What sets Jackson's continued posthumous earning potential apart from other famous musicians? Well, there's the music, of course. He continues to earn royalties from the sales of his own songs - plus, he has a 50% ownership stake in Sony/ATV, the largest music publishing company in the world. Sony/ATV holds the copyrights to songs by such hugely popular musicians such as The Beatles, Eminem, Taylor Swift and others. In addition to music royalties, Jackson's estate has partnered with Cirque du Soleil to produce two Cirque shows incorporating Jackson's songs - one performed in Las Vegas, and the other in various cities around the world. These shows, called "One" and "Immortal," respectively, combine Cirque du Soleil's famous awe-inspiring feats with Jackson's hits, keeping his songs - and his name - in the public eye.

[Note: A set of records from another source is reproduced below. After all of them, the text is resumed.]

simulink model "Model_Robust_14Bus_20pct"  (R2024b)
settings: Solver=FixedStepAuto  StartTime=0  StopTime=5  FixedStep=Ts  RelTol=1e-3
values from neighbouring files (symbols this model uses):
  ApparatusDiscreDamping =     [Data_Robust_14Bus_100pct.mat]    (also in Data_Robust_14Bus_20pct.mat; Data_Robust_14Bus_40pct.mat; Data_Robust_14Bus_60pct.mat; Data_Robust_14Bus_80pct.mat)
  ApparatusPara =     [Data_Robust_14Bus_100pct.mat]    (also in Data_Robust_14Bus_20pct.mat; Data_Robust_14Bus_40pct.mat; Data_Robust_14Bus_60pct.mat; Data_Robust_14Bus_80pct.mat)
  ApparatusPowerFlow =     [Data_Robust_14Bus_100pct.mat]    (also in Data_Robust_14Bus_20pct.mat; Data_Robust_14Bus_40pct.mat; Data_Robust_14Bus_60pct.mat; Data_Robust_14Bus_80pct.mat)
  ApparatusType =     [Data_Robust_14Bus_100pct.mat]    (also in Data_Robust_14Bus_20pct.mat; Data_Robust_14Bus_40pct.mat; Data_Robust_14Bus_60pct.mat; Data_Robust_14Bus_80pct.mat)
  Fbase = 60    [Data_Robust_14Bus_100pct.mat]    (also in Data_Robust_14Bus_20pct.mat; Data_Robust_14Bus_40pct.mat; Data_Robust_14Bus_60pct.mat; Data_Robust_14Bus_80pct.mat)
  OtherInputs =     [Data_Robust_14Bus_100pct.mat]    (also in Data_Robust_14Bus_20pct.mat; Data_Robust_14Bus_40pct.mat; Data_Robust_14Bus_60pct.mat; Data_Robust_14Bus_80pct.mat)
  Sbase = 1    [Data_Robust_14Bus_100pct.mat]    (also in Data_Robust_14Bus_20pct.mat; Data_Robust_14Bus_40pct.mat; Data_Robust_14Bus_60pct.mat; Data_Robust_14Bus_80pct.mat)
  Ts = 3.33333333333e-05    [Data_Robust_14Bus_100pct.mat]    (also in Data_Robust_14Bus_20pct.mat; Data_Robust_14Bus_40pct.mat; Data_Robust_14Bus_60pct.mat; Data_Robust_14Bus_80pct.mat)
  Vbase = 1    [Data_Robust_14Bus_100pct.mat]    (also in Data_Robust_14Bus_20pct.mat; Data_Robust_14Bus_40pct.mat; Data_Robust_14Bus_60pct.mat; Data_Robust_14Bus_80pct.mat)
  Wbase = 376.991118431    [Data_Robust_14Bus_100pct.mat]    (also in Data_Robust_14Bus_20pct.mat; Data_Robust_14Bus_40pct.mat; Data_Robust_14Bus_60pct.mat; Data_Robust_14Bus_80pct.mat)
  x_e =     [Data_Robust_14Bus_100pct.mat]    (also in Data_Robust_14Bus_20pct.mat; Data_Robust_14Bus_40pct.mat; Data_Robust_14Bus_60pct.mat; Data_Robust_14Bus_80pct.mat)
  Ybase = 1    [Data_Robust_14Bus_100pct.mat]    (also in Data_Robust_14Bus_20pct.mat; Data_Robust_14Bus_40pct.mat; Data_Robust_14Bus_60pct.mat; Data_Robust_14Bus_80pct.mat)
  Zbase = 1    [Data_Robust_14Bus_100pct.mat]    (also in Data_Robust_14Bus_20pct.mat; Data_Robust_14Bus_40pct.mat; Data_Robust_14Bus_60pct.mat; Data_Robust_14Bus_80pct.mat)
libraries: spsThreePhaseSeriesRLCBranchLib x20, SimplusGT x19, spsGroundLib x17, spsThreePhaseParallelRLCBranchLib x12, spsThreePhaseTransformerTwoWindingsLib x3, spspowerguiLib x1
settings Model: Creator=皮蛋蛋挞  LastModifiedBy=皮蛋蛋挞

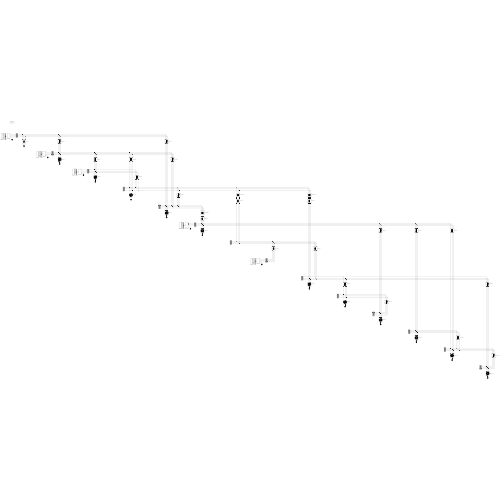
[thumbnail: Simulink's stored preview of the top-level diagram]
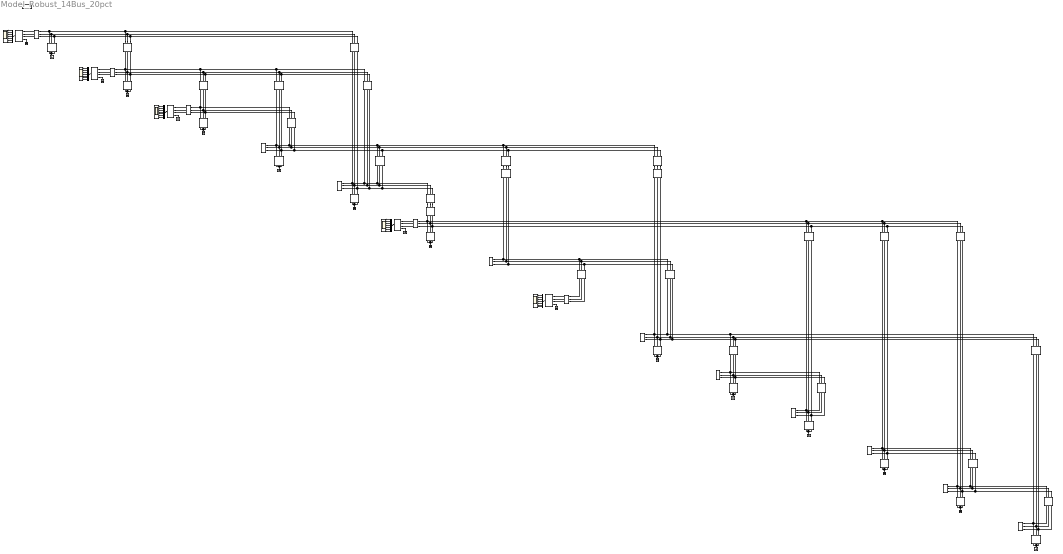
== system Model_Robust_14Bus_20pct ==
  B-GND{1,4,8,10,14,16,22,25,27..28,30,32} (12 alike) : spsGroundLib/Ground  LConnTagsString=a
  Branch1-1 : spsThreePhaseParallelRLCBranchLib/Three-Phase Parallel RLC Branch  LConnTagsString=A|B|C  RConnTagsString=A|B|C  BranchType=C  Resistance=(Inf)*Zbase  Inductance=(Inf)*Zbase/Wbase  Capacitance=(0.051)*Ybase/Wbase  Measurements=None
  Branch1-2 : spsThreePhaseSeriesRLCBranchLib/Three-Phase Series RLC Branch  LConnTagsString=A|B|C  RConnTagsString=A|B|C  BranchType=RL  Resistance=(0.01938)*Zbase  Inductance=(0.05917)*Zbase/Wbase  Capacitance=1e-6  Measurements=None
  Branch1-5 : spsThreePhaseSeriesRLCBranchLib/Three-Phase Series RLC Branch  LConnTagsString=A|B|C  RConnTagsString=A|B|C  BranchType=RL  Resistance=(0.05403)*Zbase  Inductance=(0.22304)*Zbase/Wbase  Capacitance=1e-6  Measurements=None
  Branch10-10 : spsThreePhaseParallelRLCBranchLib/Three-Phase Parallel RLC Branch  LConnTagsString=A|B|C  RConnTagsString=A|B|C  BranchType=RL  Resistance=(12.273)*Zbase  Inductance=(19.0443)*Zbase/Wbase  Capacitance=(0)*Ybase/Wbase  Measurements=None
  Branch10-11 : spsThreePhaseSeriesRLCBranchLib/Three-Phase Series RLC Branch  LConnTagsString=A|B|C  RConnTagsString=A|B|C  BranchType=RL  Resistance=(0.08205)*Zbase  Inductance=(0.19207)*Zbase/Wbase  Capacitance=1e-6  Measurements=None
  Branch11-11 : spsThreePhaseParallelRLCBranchLib/Three-Phase Parallel RLC Branch  LConnTagsString=A|B|C  RConnTagsString=A|B|C  BranchType=RL  Resistance=(31.9158)*Zbase  Inductance=(62.0584)*Zbase/Wbase  Capacitance=(0)*Ybase/Wbase  Measurements=None
  Branch12-12 : spsThreePhaseParallelRLCBranchLib/Three-Phase Parallel RLC Branch  LConnTagsString=A|B|C  RConnTagsString=A|B|C  BranchType=RL  Resistance=(18.2528)*Zbase  Inductance=(69.5889)*Zbase/Wbase  Capacitance=(0)*Ybase/Wbase  Measurements=None
  Branch12-13 : spsThreePhaseSeriesRLCBranchLib/Three-Phase Series RLC Branch  LConnTagsString=A|B|C  RConnTagsString=A|B|C  BranchType=RL  Resistance=(0.22092)*Zbase  Inductance=(0.19988)*Zbase/Wbase  Capacitance=1e-6  Measurements=None
  Branch13-13 : spsThreePhaseParallelRLCBranchLib/Three-Phase Parallel RLC Branch  LConnTagsString=A|B|C  RConnTagsString=A|B|C  BranchType=RL  Resistance=(8.1726)*Zbase  Inductance=(19.0224)*Zbase/Wbase  Capacitance=(0)*Ybase/Wbase  Measurements=None
  Branch13-14 : spsThreePhaseSeriesRLCBranchLib/Three-Phase Series RLC Branch  LConnTagsString=A|B|C  RConnTagsString=A|B|C  BranchType=RL  Resistance=(0.17093)*Zbase  Inductance=(0.34802)*Zbase/Wbase  Capacitance=1e-6  Measurements=None
  Branch14-14 : spsThreePhaseParallelRLCBranchLib/Three-Phase Parallel RLC Branch  LConnTagsString=A|B|C  RConnTagsString=A|B|C  BranchType=RL  Resistance=(7.1968)*Zbase  Inductance=(21.4464)*Zbase/Wbase  Capacitance=(0)*Ybase/Wbase  Measurements=None
  Branch2-2 : spsThreePhaseParallelRLCBranchLib/Three-Phase Parallel RLC Branch  LConnTagsString=A|B|C  RConnTagsString=A|B|C  BranchType=RLC  Resistance=(5.0324)*Zbase  Inductance=(8.5986)*Zbase/Wbase  Capacitance=(0.0826)*Ybase/Wbase  Measurements=None
  Branch2-3 : spsThreePhaseSeriesRLCBranchLib/Three-Phase Series RLC Branch  LConnTagsString=A|B|C  RConnTagsString=A|B|C  BranchType=RL  Resistance=(0.04699)*Zbase  Inductance=(0.19797)*Zbase/Wbase  Capacitance=1e-6  Measurements=None
  Branch2-4 : spsThreePhaseSeriesRLCBranchLib/Three-Phase Series RLC Branch  LConnTagsString=A|B|C  RConnTagsString=A|B|C  BranchType=RL  Resistance=(0.05811)*Zbase  Inductance=(0.17632)*Zbase/Wbase  Capacitance=1e-6  Measurements=None
  Branch2-5 : spsThreePhaseSeriesRLCBranchLib/Three-Phase Series RLC Branch  LConnTagsString=A|B|C  RConnTagsString=A|B|C  BranchType=RL  Resistance=(0.05695)*Zbase  Inductance=(0.17388)*Zbase/Wbase  Capacitance=1e-6  Measurements=None
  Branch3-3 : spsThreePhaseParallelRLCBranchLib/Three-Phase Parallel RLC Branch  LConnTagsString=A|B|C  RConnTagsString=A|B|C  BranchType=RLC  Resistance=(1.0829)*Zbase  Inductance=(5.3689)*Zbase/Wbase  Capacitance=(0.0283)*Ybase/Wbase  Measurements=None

But while Jackson's estate is far and above bringing in the most money compared to those of other distinguished deceased musicians, it has also been plagued by legal troubles. You may remember that these troubles began long before MJ passed away. He had extremely valuable assets. He also an extreme income level but, he also had exorbitant costs. Jackson spent huge sums on his "Neverland" ranch (itself the subject of controversy in a 2005 child molestation trial, which couldn't have been cheap either).
Jackson's estate is making news again. This time in a lawsuit between the IRS and his estate. His co-executors, John Branca and John McClain, are disputing the legitimacy of the taxes and penalties levied on Jackson's estate by the IRS. Branca and McClain are arguing that they properly valued Jackson's estate's property. Branca and McClain argue that they paid the estate tax on what the estate owed - namely, the value of MJ's property in excess of $3,500,000i.
Recall from this month's article on breaches of fiduciary duty that undervaluing the assets of an estate while acting as the estate's executor can have serious legal consequences. This lawsuit will play out over precisely that issue.
Were Jackson's assets properly valued? Perhaps. A mega-star like Jackson does not have the run of the mill stock account. The inquiry into his estate's value will be much more complicated than it would be for you or me. How does one put a "value" on Jackson's intangible star power? And with respect to his physical assets, how would one go about valuing, for example, Jackson's "Neverland" ranch. The ranch was notoriously poorly managed and the scene of several alleged scandals. The complexity of his estate's assets can bring about divergent views on their value.
One thing is for sure - the King of Pop is still in the limelight. Whether his estate will emerge from its legal battles victorious remains to be seen.
iThe federal estate tax exemption for a person dying in 2009, the year of Jackson's death, was $3.5 million.